This model of containerization is a grand error
This model of containerization is a grand error
Posted Jun 21, 2015 11:48 UTC (Sun) by misc (subscriber, #73730)In reply to: This model of containerization is a grand error by ksandstr
Parent article: Systemd and containers
On the desktop side, getting application containers from Fedora rawhide running on a centos 6 might solve the issue of people wanting latest version of something without upgrading to rawhide. It doesn't solve every problem, likely bring some news, but that's worth testing and doing. Companies handling lots of traffic ( facebook, google, twitter among others ) have been using that since years on server side, so I think they would have noticed security issues.

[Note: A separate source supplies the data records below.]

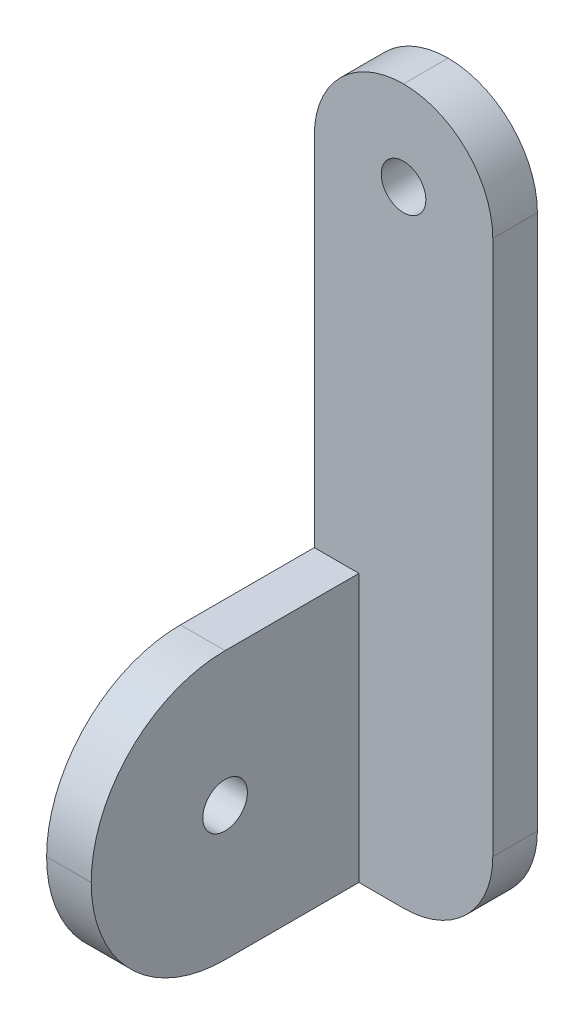
ISO-10303-21;
HEADER;
FILE_DESCRIPTION(('STEP AP214'),'2;1');
FILE_NAME('part.step','',(''),(''),'','','');
FILE_SCHEMA(('AUTOMOTIVE_DESIGN { 1 0 10303 214 1 1 1 1 }'));
ENDSEC;
DATA;
#1=APPLICATION_CONTEXT('core data for automotive mechanical design processes');
#2=APPLICATION_PROTOCOL_DEFINITION('international standard','automotive_design',2000,#1);
#3=PRODUCT_CONTEXT('',#1,'mechanical');
#4=PRODUCT('Part','Part','',(#3));
#5=PRODUCT_RELATED_PRODUCT_CATEGORY('part','',(#4));
#6=PRODUCT_DEFINITION_FORMATION('','',#4);
#7=PRODUCT_DEFINITION_CONTEXT('part definition',#1,'design');
#8=PRODUCT_DEFINITION('design','',#6,#7);
#9=PRODUCT_DEFINITION_SHAPE('','',#8);
#10=(LENGTH_UNIT() NAMED_UNIT(*) SI_UNIT(.MILLI.,.METRE.));
#11=(NAMED_UNIT(*) PLANE_ANGLE_UNIT() SI_UNIT($,.RADIAN.));
#12=(NAMED_UNIT(*) SI_UNIT($,.STERADIAN.) SOLID_ANGLE_UNIT());
#13=UNCERTAINTY_MEASURE_WITH_UNIT(LENGTH_MEASURE(1.E-05),#10,'distance_accuracy_value','');
#14=(GEOMETRIC_REPRESENTATION_CONTEXT(3) GLOBAL_UNCERTAINTY_ASSIGNED_CONTEXT((#13)) GLOBAL_UNIT_ASSIGNED_CONTEXT((#10,
#11,#12)) REPRESENTATION_CONTEXT('',''));
#15=CARTESIAN_POINT('',(0.,0.,0.));
#16=DIRECTION('',(0.,0.,1.));
#17=DIRECTION('',(1.,0.,0.));
#18=AXIS2_PLACEMENT_3D('',#15,#16,#17);
#19=CARTESIAN_POINT('',(-43.6932648054146,39.2711505922166,5.));
#20=DIRECTION('',(1.,0.,0.));
#21=DIRECTION('',(0.,1.,0.));
#22=AXIS2_PLACEMENT_3D('',#19,#20,#21);
#23=PLANE('',#22);
#24=CARTESIAN_POINT('',(-43.6932648054145,-25.7288494077834,20.));
#25=DIRECTION('',(-1.,0.,0.));
#26=DIRECTION('',(0.,-1.,0.));
#27=AXIS2_PLACEMENT_3D('',#24,#25,#26);
#28=CIRCLE('',#27,2.5);
#29=CARTESIAN_POINT('',(-43.6932648054145,-28.2288494077834,20.));
#30=VERTEX_POINT('',#29);
#31=EDGE_CURVE('E135',#30,#30,#28,.T.);
#32=ORIENTED_EDGE('',*,*,#31,.F.);
#33=EDGE_LOOP('',(#32));
#34=FACE_BOUND('',#33,.T.);
#35=DIRECTION('',(0.,-1.,0.));
#36=VECTOR('',#35,1.);
#37=CARTESIAN_POINT('',(-43.6932648054146,39.2711505922166,5.));
#38=LINE('',#37,#36);
#39=CARTESIAN_POINT('',(-43.6932648054146,29.2711505922166,5.));
#40=VERTEX_POINT('',#39);
#41=CARTESIAN_POINT('',(-43.6932648054145,-10.7288494077834,5.));
#42=VERTEX_POINT('',#41);
#43=EDGE_CURVE('E127',#40,#42,#38,.T.);
#44=ORIENTED_EDGE('',*,*,#43,.F.);
#45=DIRECTION('',(0.,0.,-1.));
#46=VECTOR('',#45,1.);
#47=CARTESIAN_POINT('',(-43.6932648054146,29.2711505922166,5.));
#48=LINE('',#47,#46);
#49=CARTESIAN_POINT('',(-43.6932648054146,29.2711505922166,0.));
#50=VERTEX_POINT('',#49);
#51=EDGE_CURVE('E11',#40,#50,#48,.T.);
#52=ORIENTED_EDGE('',*,*,#51,.T.);
#53=DIRECTION('',(0.,-1.,0.));
#54=VECTOR('',#53,1.);
#55=CARTESIAN_POINT('',(-43.6932648054146,39.2711505922166,0.));
#56=LINE('',#55,#54);
#57=CARTESIAN_POINT('',(-43.6932648054145,-40.7288494077834,0.));
#58=VERTEX_POINT('',#57);
#59=EDGE_CURVE('E193',#50,#58,#56,.T.);
#60=ORIENTED_EDGE('',*,*,#59,.T.);
#61=DIRECTION('',(0.,0.,-1.));
#62=VECTOR('',#61,1.);
#63=CARTESIAN_POINT('',(-43.6932648054145,-40.7288494077834,5.));
#64=LINE('',#63,#62);
#65=CARTESIAN_POINT('',(-43.6932648054145,-40.7288494077834,20.));
#66=VERTEX_POINT('',#65);
#67=EDGE_CURVE('E153',#66,#58,#64,.T.);
#68=ORIENTED_EDGE('',*,*,#67,.F.);
#69=CARTESIAN_POINT('',(-43.6932648054145,-25.7288494077834,20.));
#70=DIRECTION('',(1.,0.,0.));
#71=DIRECTION('',(0.,1.,0.));
#72=AXIS2_PLACEMENT_3D('',#69,#70,#71);
#73=CIRCLE('',#72,15.);
#74=CARTESIAN_POINT('',(-43.6932648054145,-25.7288494077834,35.));
#75=VERTEX_POINT('',#74);
#76=EDGE_CURVE('E162',#66,#75,#73,.F.);
#77=ORIENTED_EDGE('',*,*,#76,.T.);
#78=CARTESIAN_POINT('',(-43.6932648054145,-25.7288494077834,20.));
#79=DIRECTION('',(1.,0.,0.));
#80=DIRECTION('',(0.,1.,0.));
#81=AXIS2_PLACEMENT_3D('',#78,#79,#80);
#82=CIRCLE('',#81,15.);
#83=CARTESIAN_POINT('',(-43.6932648054145,-10.7288494077834,20.));
#84=VERTEX_POINT('',#83);
#85=EDGE_CURVE('E158',#75,#84,#82,.F.);
#86=ORIENTED_EDGE('',*,*,#85,.T.);
#87=DIRECTION('',(0.,0.,-1.));
#88=VECTOR('',#87,1.);
#89=CARTESIAN_POINT('',(-43.6932648054145,-10.7288494077834,35.));
#90=LINE('',#89,#88);
#91=EDGE_CURVE('E119',#84,#42,#90,.T.);
#92=ORIENTED_EDGE('',*,*,#91,.T.);
#93=EDGE_LOOP('',(#44,#52,#60,#68,#77,#86,#92));
#94=FACE_BOUND('',#93,.T.);
#95=ADVANCED_FACE('F33',(#34,#94),#23,.F.);
#96=CARTESIAN_POINT('',(-43.6932648054145,-40.7288494077834,5.));
#97=DIRECTION('',(0.,1.,0.));
#98=DIRECTION('',(0.,0.,1.));
#99=AXIS2_PLACEMENT_3D('',#96,#97,#98);
#100=PLANE('',#99);
#101=DIRECTION('',(1.,0.,0.));
#102=VECTOR('',#101,1.);
#103=CARTESIAN_POINT('',(-43.6932648054145,-40.7288494077834,0.));
#104=LINE('',#103,#102);
#105=CARTESIAN_POINT('',(-33.6932648054145,-40.7288494077834,0.));
#106=VERTEX_POINT('',#105);
#107=EDGE_CURVE('E195',#58,#106,#104,.T.);
#108=ORIENTED_EDGE('',*,*,#107,.T.);
#109=DIRECTION('',(0.,0.,-1.));
#110=VECTOR('',#109,1.);
#111=CARTESIAN_POINT('',(-33.6932648054145,-40.7288494077834,5.));
#112=LINE('',#111,#110);
#113=CARTESIAN_POINT('',(-33.6932648054145,-40.7288494077834,5.));
#114=VERTEX_POINT('',#113);
#115=EDGE_CURVE('E180',#106,#114,#112,.F.);
#116=ORIENTED_EDGE('',*,*,#115,.T.);
#117=DIRECTION('',(1.,0.,0.));
#118=VECTOR('',#117,1.);
#119=CARTESIAN_POINT('',(-43.6932648054145,-40.7288494077834,5.));
#120=LINE('',#119,#118);
#121=CARTESIAN_POINT('',(-38.6932648054145,-40.7288494077834,5.));
#122=VERTEX_POINT('',#121);
#123=EDGE_CURVE('E139',#122,#114,#120,.T.);
#124=ORIENTED_EDGE('',*,*,#123,.F.);
#125=DIRECTION('',(0.,0.,-1.));
#126=VECTOR('',#125,1.);
#127=CARTESIAN_POINT('',(-38.6932648054145,-40.7288494077834,35.));
#128=LINE('',#127,#126);
#129=CARTESIAN_POINT('',(-38.6932648054145,-40.7288494077834,20.));
#130=VERTEX_POINT('',#129);
#131=EDGE_CURVE('E118',#130,#122,#128,.T.);
#132=ORIENTED_EDGE('',*,*,#131,.F.);
#133=DIRECTION('',(1.,0.,0.));
#134=VECTOR('',#133,1.);
#135=CARTESIAN_POINT('',(-43.6932648054145,-40.7288494077834,20.));
#136=LINE('',#135,#134);
#137=EDGE_CURVE('E155',#130,#66,#136,.F.);
#138=ORIENTED_EDGE('',*,*,#137,.T.);
#139=ORIENTED_EDGE('',*,*,#67,.T.);
#140=EDGE_LOOP('',(#108,#116,#124,#132,#138,#139));
#141=FACE_BOUND('',#140,.T.);
#142=ADVANCED_FACE('F204',(#141),#100,.F.);
#143=CARTESIAN_POINT('',(-23.6932648054146,39.2711505922166,5.));
#144=DIRECTION('',(-1.,0.,0.));
#145=DIRECTION('',(0.,-1.,0.));
#146=AXIS2_PLACEMENT_3D('',#143,#144,#145);
#147=PLANE('',#146);
#148=DIRECTION('',(0.,1.,0.));
#149=VECTOR('',#148,1.);
#150=CARTESIAN_POINT('',(-23.6932648054146,39.2711505922166,5.));
#151=LINE('',#150,#149);
#152=CARTESIAN_POINT('',(-23.6932648054145,-30.7288494077834,5.));
#153=VERTEX_POINT('',#152);
#154=CARTESIAN_POINT('',(-23.6932648054146,29.2711505922166,5.));
#155=VERTEX_POINT('',#154);
#156=EDGE_CURVE('E191',#153,#155,#151,.T.);
#157=ORIENTED_EDGE('',*,*,#156,.F.);
#158=DIRECTION('',(0.,0.,-1.));
#159=VECTOR('',#158,1.);
#160=CARTESIAN_POINT('',(-23.6932648054145,-30.7288494077834,5.));
#161=LINE('',#160,#159);
#162=CARTESIAN_POINT('',(-23.6932648054145,-30.7288494077834,0.));
#163=VERTEX_POINT('',#162);
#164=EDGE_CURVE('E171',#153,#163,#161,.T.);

And in a true UNIX lore fashion, no software but one should deal with SSL, since this otherwise would violate the idea of doing one thing and doing it right. So application containers push for more of the UNIX paradigm on the server side.
Posted Jun 24, 2015 4:06 UTC (Wed)
by dlang (guest, #313)
[Link]
you completely misunderstand the Unix "do one thing and do it well" mantra. That doesn't in any way prohibit you from having multiple things that do the one job, it just means that one tool shouldn't try to do lots of different jobs.
Posted Jul 4, 2015 15:13 UTC (Sat)
by ksandstr (guest, #60862)
[Link]
In the absence of standardization for intra-container automation (as stated in the "PM must reach" paragraph), this leaves users of security-broken web-download software with two workable options: either they wait for the container publisher's update (which may come in the form of a major version update, perhaps for a cost), or they build the fixed container themselves. Obstacles to the latter can be many, such as the recent Firefox bundling of in-browser DRM plugins; and alternatives to these two all boil down to bending over for the NSA.
The effect of containerzation in the manner proposed in the main article is that Debian, Mint, Gentoo, etc. users will be as ripe a target market for Linux desktop app stores as Red Hat's customer base is for its RPM repository. Iterated, this development converges in the death of the individual distribution in favour of an effective monoculture as preferred by proprietary software companies. With it comes the death of Free Software.
In closing, systemd must be destroyed.